Нелепо-отвратный, исполненный на едином нерве – жажде выиграть – Голохвастов из экранизации классической украинской пьесы: фигляр и пшют, стремящийся предстать «сурьёзным» человеком: комизм, смешанный с катастрофой: О. Борисов легко соединял самые разные участки человеческого бытия в единство целого.
Как восходит Рафферти?
Лестница, сбитая из ступеней подлости, компромиссов, лжи, готовности топить всех, кто не нужен…
Краски ярки…
Кочкарёв – пусто-деятельный, неуёмный и неугомонный, словно чёрт из табакерки выскакивающий в жизнь бедного Подколёсина, которого тащит насильно из его норы: блеск острой отточенности.
Бесконечность манеры Борисова словно распадается на отдельные фрагменты: здесь так, а тут вот этак, а получается единство целости образа-острова: и не возразишь, засмотревшись.
Вот Версилов из «Подростка» - и соблазнитель, и резонёр, и мастер жизни: всё вместе, тяжёлый коктейль, влитый в человеческую душу.
…сцена МХАта: идёт «Кроткая», и ростовщик, алчно и мощно исполняемый Борисовым, завораживает душевным, переусложнённым орнаментом; как блистает тонкой интеллигентностью Астров – из классической чеховской пьесы.
Разноплановость…
Вот легко пройдёт по «Главной улице с оркестром», а тут… растерянно глянет на реальность; то живчиком прокатится по недрам роли, то будет густо и постепенно лепить её.

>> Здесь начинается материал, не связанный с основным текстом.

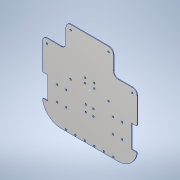
# Autodesk Inventor part: 台車土台
Saved by Autodesk Inventor 2020 (Build 240168000, 168)
## iProperties
Created: 2020-06-19
Part Number: 台車土台
Material: アルミニウム 6061
Document SubType Name: Modeling
Designer: jyajy
Density: 2.7 g/cm^3
Appearance: アルミニウム - フラット
Author: jyajy
Autodesk Inventor part; units mm, degrees
ref_plane "YZ Plane" through (0, 0, 0) normal (1, 0, 0) x (0, 1, 0)
ref_plane "XZ Plane" through (0, 0, 0) normal (0, 1, 0) x (-1, 0, 0)
ref_plane "XY Plane" through (0, 0, 0) normal (0, 0, 1) x (1, 0, 0)
sketch "スケッチ1" plane through (0, 0, 0) normal (0, 0, 1) x (1, 0, 0)
  line L0 (-100, -100) -> (100, -100)
  line L1 (100, -100) -> (100, 100)
  line L2 (100, 100) -> (-100, 100)
  line L3 (-100, 100) -> (-100, -100)
  line L4 (-100, -100) -> (100, 100) construction
  line L5 (100, -100) -> (-100, 100) construction
  point P0 (0, 0)
  dimension "d0" = 200
  dimension "d1" = 200
  constraints: 12 end point, 2 midpoint, 2 parallel, 1 horizontal, 1 perpendicular
  measures "d0" distance of L1.end L2.end
  measures "d1" distance of L2.end L0.start
extrude "押し出し1" add sketch "スケッチ1" along normal blind 1.5
fillet "フィレット1" radius 40 2 edges at (-100, -100, 0.75) (100, -100, 0.75)
sketch "スケッチ3" plane through (0, 0, 0) normal (0, 0, -1) x (-1, 0, 0)
  point P0 (0, 0)
sketch "スケッチ4" plane through (0, 0, 1.5) normal (0, 0, 1) x (1, 0, 0)
  line L0 (100, -60) -> (100, 100) projected
  line L1 (100, 100) -> (50, 100)
  line L2 (50, 100) -> (50, 50)
  line L3 (50, 50) -> (100, 50)
  line L4 (100, 50) -> (100, 100)
  line L5 (100, 100) -> (-100, 100) projected
  line L6 (-100, 100) -> (-50, 100)
  line L7 (-50, 100) -> (-50, 50)
  line L8 (-50, 50) -> (-100, 50)
  line L9 (-100, 50) -> (-100, 100)
  point P0 (0, 0)
  dimension "d13" = 50
  dimension "d14" = 50
  dimension "d15" = 50
  dimension "d16" = 50
  constraints: 16 end point, 4 parallel, 2 horizontal, 2 perpendicular
  measures "d13" distance of L0.end L1.end
  measures "d14" distance between parallel lines of L1 L3
  measures "d15" distance between parallel lines of L9 L7
  measures "d16" distance between parallel lines of L5 L8
extrude "押し出し2" cut sketch "スケッチ4" against normal through all
sketch "スケッチ5" plane through (0, 0, 1.5) normal (0, 0, 1) x (1, 0, 0)
  line L0 (-100, 50) -> (-100, -60) projected
  line L1 (-88, -64) -> (-100, -64)
  line L2 (-100, -64) -> (-100, -16)
  line L3 (-100, -16) -> (-88, -16)
  line L4 (-88, -16) -> (-88, -64)
  line L5 (-60, -100) -> (60, -100) projected
  line L6 (100, -60) -> (100, 50) projected
  line L7 (88, -64) -> (100, -64)
  line L8 (100, -64) -> (100, -16)
  line L9 (100, -16) -> (88, -16)
  line L10 (88, -16) -> (88, -64)
  point P0 (0, 0)
  dimension "d19" = 12
  dimension "d20" = 36
  dimension "d21" = 48
  dimension "d24" = 36
  dimension "d25" = 48
  dimension "d26" = 12
  constraints: 16 end point, 4 parallel, 2 horizontal, 2 perpendicular, 2 point on line
  measures "d19" distance between parallel lines of L4 L0
  measures "d20" distance between parallel lines of L1 L5
  measures "d21" distance between parallel lines of L1 L3
  measures "d24" distance between parallel lines of L7 L5
  measures "d25" distance between parallel lines of L7 L9
  measures "d26" distance between parallel lines of L6 L10
extrude "押し出し3" cut sketch "スケッチ5" against normal through all
fillet "フィレット2" radius 2 8 edges at (99.7995, -64, 0.75) (88, -64, 0.75) (100, -16, 0.75) (88, -16, 0.75) (-100, -16, 0.75) (-88, -16, 0.75) (-99.7995, -64, 0.75) (-88, -64, 0.75)
sketch "スケッチ6" plane through (0, 0, 1.5) normal (0, 0, 1) x (1, 0, 0)
  point P0 (0, 0)
fillet "フィレット3" radius 10 6 edges at (50, 100, 0.75) (50, 50, 0.75) (100, 50, 0.75) (-100, 50, 0.75) (-50, 50, 0.75) (-50, 100, 0.75)
sketch "スケッチ7" plane through (0, 0, 1.5) normal (0, 0, 1) x (1, 0, 0)
  line L0 (-100, 40) -> (-100, -14) projected
  line L1 (-60, 50) -> (-90, 50) projected
  line L2 (90, 50) -> (60, 50) projected
  line L3 (100, -14) -> (100, 40) projected
  line L4 (40, 100) -> (-40, 100) projected
  line L5 (50, 60) -> (50, 90) projected
  line L6 (-50, 90) -> (-50, 60) projected
  point P0 (0, 0)
  point P1 (-90, 40)
  point P2 (90, 40)
  point P3 (-40, 90)
  point P4 (40, 90)
  point P5 (40, 0)
  point P6 (-40, 0)
  dimension "d29" = 10
  dimension "d30" = 10
  dimension "d31" = 10
  dimension "d32" = 10
  dimension "d33" = 10
  dimension "d34" = 10
  dimension "d35" = 10
  dimension "d36" = 10
  dimension "d37" = 50
  dimension "d38" = 50
  constraints: 2 vertical alignment
  measures "d29" distance from line of point (-90, 40) L0
  measures "d30" distance from line of point (-90, 40) L1
  measures "d31" distance from line of point (90, 40) L2
  measures "d32" distance from line of point (90, 40) L3
  measures "d33" distance from line of point (40, 90) L4
  measures "d34" distance from line of point (40, 90) L5
  measures "d35" distance from line of point (-40, 90) L4
  measures "d36" distance from line of point (-40, 90) L6
  measures "d37" distance from line of point (40, 0) L2
  measures "d38" distance from line of L1 point (-40, 0)
hole "穴2" at (-90, 40, 1.5) at (90, 40, 1.5) at (-40, 90, 1.5) at (40, 90, 1.5) at (40, 0, 1.5) at (-40, 0, 1.5) direction (0, 0, -1) diameter 3.5 end through all
sketch "スケッチ8" plane through (0, 0, 1.5) normal (0, 0, 1) x (1, 0, 0)
  circle A0 centre (68.5, -55.9) radius 2.15 projected
  circle A1 centre (49.5, -55.9) radius 2.15 projected
  circle A2 centre (49.5, -24.1) radius 2.15 projected
  circle A3 centre (68.5, -24.1) radius 2.15 projected
  circle A4 centre (-49.5, -24.1) radius 2.15 projected
  circle A5 centre (-68.5, -24.1) radius 2.15 projected
  circle A6 centre (-49.5, -55.9) radius 2.15 projected
  circle A7 centre (-68.5, -55.9) radius 2.15 projected
  point P0 (0, 0)
hole "穴3" at (49.5, -55.9, 1.5) at (68.5, -55.9, 1.5) at (49.5, -24.1, 1.5) at (68.5, -24.1, 1.5) at (-49.5, -55.9, 1.5) at (-49.5, -24.1, 1.5) at (-68.5, -24.1, 1.5) at (-68.5, -55.9, 1.5) direction (0, 0, -1) diameter 3.5 end through all
sketch "スケッチ9" plane through (0, 0, 0) normal (0, 0, -1) x (-1, 0, 0)
  line L0 (0, 0) -> (0, -75.963)
  line L1 (60, -100) -> (-60, -100) projected
  point P0 (8, -44)
  point P1 (-8, -44)
  point P2 (8, -30)
  point P3 (-8, -30)
  dimension "d53" = 14
  dimension "d54" = 16
  dimension "d62" = 56
  constraints: 2 end point, 2 symmetric about line, 1 vertical, 1 vertical alignment
  measures "d53" distance of point (-8, -30) point (-8, -44)
  measures "d54" distance of point (-8, -44) point (8, -44)
  measures "d62" distance from line of point (-8, -44) L1
hole "穴4" at (-8, -44, 0) at (8, -44, 0) at (-8, -30, 0) at (8, -30, 0) direction (0, 0, 1) diameter 3.5 end through all
sketch "スケッチ10" plane through (0, 0, 0) normal (0, 0, -1) x (-1, 0, 0)
  line L0 (0, 0) -> (0, -140.1942)
  line L1 (60, -100) -> (-60, -100) projected
  point P0 (-10, -97)
  point P1 (10, -97)
  point P2 (-30, -97)
  point P3 (-50, -97)
  point P4 (30, -97)
  point P5 (50, -97)
  dimension "d63" = 10
  dimension "d64" = 3
  dimension "d65" = 20
  dimension "d66" = 20
  constraints: 3 symmetric about line, 2 end point, 2 horizontal alignment, 1 vertical
  measures "d63" distance from line of point (-10, -97) L0
  measures "d64" distance from line of point (-10, -97) L1
  measures "d65" distance of point (-30, -97) point (-10, -97)
  measures "d66" distance of point (-50, -97) point (-30, -97)
hole "穴5" at (10, -97, 0) at (-10, -97, 0) at (30, -97, 0) at (50, -97, 0) at (-30, -97, 0) at (-50, -97, 0) direction (0, 0, 1) diameter 3.5 end through all
sketch "スケッチ11" plane through (0, 0, 0) normal (0, 0, -1) x (-1, 0, 0)
  circle A0 centre (-9.7395, 8) radius 2.25 projected
  circle A1 centre (-9.7395, 18) radius 2.25 projected
  circle A2 centre (9.7395, 18) radius 2.25 projected
  circle A3 centre (9.7395, 8) radius 2.25 projected
  arc A4 (15, 20) -> (13, 22) centre (13, 20) ccw projected
  line L0 (14, 4) -> (-14, 4) projected
  arc A5 (-13, 22) -> (-15, 20) centre (-13, 20) ccw projected
  line L1 (-13, 22) -> (13, 22) projected
  line L2 (15, 20) -> (15, 3) projected
  arc A6 (15, 3) -> (14, 4) centre (14, 3) ccw projected
  arc A7 (-14, 4) -> (-15, 3) centre (-14, 3) ccw projected
  line L3 (-15, 3) -> (-15, 20) projected
  point P0 (0, 0)
  point P1 (15, 4)
  point P2 (-15, 4)
hole "穴6" at (9.7395, 8, 0) at (-9.7395, 8, 0) at (-9.7395, 18, 0) at (9.7395, 18, 0) direction (0, 0, 1) diameter 3.5 end through all

«Слуга» разворачивающийся в двух временных планам, со многими флешбэками, не столько исследует вечные взаимоотношения хозяин-слуга, сколько трактует жизнь вообще, где улыбка Мефистофеля появляется чаще, чем люди предполагают.
Метафизика Борисова включала и жест, и мимику, и необычность его в истории советских театра-кино столь велика, что острое лучение, исходящее от оных, будет чувствоваться всегда.